Ein Interview mit DD: "Der Klingelton, das ist die Liebe zum Zwang"

Die Musikindustrie löst sich auf und bei MTV wird wieder geweint: Gespräch mit dem Pop-Guru Diedrich Diederichsen.

Herr Diederichsen, Bertelsmann hat sich gerade vollkommen aus der Musikbranche zurückgezogen, die EMI kündigt die Entlassung von 2000 Mitarbeitern an. Die Musikindustrie, wie wir sie bisher kannten, löst sich auf. Ein Grund zur Trauer?

Der Musikindustrie selber, ihren Institutionen, Usancen und Managern, muss man nicht nachtrauern. Aber ihr Verschwinden ist das Symptom einer Entwicklung, über die man sich Sorgen machen sollte: das Verschwinden einer objektbezogenen Musik, aber auch der entgegengesetzten Utopien aus den digitalen Neunzigern. Die Vorstellung, dass sich in der Netzkultur eine Art globale Indie-Kultur entwickeln würde, in der idyllische Nischenkultur dominieren würde, ist genauso am Ende wie zuvor die Album-zentrierte Rock-Kultur.

Was tritt an die Stelle der nun zusammenbrechenden Musikindustrie?

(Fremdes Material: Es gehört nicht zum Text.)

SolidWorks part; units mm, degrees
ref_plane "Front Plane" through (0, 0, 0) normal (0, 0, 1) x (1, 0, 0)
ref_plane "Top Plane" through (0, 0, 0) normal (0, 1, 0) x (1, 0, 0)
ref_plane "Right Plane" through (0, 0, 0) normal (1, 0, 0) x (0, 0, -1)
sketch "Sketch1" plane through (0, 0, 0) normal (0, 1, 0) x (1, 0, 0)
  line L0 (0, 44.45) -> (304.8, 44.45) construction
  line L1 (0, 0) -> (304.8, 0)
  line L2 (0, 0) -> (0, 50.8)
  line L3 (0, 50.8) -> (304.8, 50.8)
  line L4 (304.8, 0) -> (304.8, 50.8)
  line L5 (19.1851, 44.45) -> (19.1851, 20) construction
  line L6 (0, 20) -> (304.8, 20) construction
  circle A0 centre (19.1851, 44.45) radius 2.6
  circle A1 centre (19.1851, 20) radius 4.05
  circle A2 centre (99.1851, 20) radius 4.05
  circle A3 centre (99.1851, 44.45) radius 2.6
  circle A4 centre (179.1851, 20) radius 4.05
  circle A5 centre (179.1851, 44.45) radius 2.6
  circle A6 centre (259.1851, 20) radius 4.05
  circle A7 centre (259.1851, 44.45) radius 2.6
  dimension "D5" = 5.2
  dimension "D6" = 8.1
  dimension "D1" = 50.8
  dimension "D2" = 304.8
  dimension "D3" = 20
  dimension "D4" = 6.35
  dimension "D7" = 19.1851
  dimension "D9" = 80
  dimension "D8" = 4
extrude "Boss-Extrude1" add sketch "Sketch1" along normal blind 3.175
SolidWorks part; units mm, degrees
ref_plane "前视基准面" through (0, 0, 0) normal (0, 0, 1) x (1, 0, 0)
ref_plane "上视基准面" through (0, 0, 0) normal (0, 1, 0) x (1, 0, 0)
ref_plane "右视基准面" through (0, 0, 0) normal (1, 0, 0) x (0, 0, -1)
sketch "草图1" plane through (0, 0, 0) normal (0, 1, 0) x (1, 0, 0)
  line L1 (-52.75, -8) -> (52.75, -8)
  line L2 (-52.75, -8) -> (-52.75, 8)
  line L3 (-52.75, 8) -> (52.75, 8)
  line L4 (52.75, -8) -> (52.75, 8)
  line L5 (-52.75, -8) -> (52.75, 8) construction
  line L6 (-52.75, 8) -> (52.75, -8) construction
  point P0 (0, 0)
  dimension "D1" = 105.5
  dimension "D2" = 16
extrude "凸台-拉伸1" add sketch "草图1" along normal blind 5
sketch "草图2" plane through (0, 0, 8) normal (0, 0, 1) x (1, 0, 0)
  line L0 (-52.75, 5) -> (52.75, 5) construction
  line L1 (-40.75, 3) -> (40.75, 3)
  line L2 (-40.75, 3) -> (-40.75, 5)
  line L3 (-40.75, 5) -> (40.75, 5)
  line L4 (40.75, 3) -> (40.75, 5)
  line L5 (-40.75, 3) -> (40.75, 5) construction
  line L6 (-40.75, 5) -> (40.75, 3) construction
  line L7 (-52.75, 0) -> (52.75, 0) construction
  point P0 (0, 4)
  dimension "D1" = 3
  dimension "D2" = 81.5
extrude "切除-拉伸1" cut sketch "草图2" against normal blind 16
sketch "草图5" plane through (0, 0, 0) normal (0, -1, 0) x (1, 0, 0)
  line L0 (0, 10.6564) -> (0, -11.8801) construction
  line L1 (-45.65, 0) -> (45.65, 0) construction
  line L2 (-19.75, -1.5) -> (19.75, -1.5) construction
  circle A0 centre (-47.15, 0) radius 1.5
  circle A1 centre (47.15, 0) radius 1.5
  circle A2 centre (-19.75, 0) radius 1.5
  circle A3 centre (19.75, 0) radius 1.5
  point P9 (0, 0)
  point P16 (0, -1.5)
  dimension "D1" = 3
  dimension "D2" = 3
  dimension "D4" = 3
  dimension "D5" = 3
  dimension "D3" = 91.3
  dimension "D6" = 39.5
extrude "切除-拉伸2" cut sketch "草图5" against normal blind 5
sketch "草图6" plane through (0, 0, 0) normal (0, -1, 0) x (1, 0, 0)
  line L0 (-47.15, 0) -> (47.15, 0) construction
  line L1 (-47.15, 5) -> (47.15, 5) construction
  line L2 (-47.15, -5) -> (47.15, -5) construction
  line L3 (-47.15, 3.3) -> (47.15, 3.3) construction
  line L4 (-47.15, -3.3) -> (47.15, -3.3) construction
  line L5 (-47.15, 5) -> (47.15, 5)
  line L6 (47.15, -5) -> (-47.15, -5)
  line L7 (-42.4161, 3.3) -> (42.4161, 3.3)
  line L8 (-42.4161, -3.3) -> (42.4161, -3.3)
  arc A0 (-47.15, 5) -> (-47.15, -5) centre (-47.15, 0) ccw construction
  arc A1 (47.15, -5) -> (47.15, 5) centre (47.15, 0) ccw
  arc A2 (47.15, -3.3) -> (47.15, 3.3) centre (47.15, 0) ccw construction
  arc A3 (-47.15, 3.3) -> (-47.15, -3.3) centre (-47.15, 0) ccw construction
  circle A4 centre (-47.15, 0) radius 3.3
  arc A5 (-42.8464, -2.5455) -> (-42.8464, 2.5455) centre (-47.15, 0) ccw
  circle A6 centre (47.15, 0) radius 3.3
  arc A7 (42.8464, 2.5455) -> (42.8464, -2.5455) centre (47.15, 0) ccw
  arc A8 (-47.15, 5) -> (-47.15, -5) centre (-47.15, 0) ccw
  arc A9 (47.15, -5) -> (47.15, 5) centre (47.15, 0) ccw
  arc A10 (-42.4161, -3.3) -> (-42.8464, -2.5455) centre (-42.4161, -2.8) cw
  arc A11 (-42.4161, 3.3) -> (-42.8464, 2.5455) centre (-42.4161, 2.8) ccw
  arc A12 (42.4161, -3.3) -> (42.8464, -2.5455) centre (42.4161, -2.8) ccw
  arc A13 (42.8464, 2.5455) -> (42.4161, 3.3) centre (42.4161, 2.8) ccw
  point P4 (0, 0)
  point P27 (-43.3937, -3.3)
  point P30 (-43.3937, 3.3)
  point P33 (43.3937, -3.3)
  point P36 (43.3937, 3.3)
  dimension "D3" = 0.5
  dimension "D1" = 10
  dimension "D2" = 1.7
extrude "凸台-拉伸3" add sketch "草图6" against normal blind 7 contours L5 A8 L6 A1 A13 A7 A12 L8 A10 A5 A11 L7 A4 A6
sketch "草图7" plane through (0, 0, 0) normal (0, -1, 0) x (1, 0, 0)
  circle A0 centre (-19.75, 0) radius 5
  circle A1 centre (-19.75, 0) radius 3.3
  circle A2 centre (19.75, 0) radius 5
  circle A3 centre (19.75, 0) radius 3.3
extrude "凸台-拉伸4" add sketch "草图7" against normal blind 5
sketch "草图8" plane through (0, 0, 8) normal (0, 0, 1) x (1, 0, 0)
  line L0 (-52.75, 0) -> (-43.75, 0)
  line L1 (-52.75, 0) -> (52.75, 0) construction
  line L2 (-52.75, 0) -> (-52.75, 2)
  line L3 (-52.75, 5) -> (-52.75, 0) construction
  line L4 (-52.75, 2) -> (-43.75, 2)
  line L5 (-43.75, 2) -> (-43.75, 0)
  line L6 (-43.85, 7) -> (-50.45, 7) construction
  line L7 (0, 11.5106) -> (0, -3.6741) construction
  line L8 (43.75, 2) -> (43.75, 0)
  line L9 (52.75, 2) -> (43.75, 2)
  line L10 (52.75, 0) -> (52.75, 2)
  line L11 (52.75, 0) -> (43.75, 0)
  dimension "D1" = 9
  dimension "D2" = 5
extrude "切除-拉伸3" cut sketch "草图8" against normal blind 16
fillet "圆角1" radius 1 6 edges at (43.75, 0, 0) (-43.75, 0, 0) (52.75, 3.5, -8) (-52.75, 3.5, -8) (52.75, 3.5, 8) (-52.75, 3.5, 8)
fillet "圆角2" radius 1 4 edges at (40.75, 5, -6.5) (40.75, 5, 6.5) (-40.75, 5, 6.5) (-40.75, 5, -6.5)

Es kommt zu zwei Fluchtbewegungen. Es gibt zum einen die erzwungene Flucht in die Performance. Geld verdienen lässt sich für Musiker nur noch mit Auftritten. Eine Kunst wird in ihr Gladiatorenstadium zurückgedrängt. Abgesehen von einigen Superstars heißt auf Tour zu sein, auf Tagelöhnerbasis zu arbeiten. Wohin das führt, hat man bis in die fünfziger Jahre im Jazz gesehen. Die Leute haben das nur als Junkies ausgehalten. Der andere Punkt ist die Flucht in den Fetisch. Viele Künstler versuchen, Musikobjekte neu zu definieren, durchaus in Orientierung an Galeriekunst. Soundausstellungen erleben gerade einen Boom. Und das Editionswesen blüht, es gibt immer aufwendigere Kombinationen von Tonträgern und Buchobjekten, die Vinylplatte feiert ein Comeback.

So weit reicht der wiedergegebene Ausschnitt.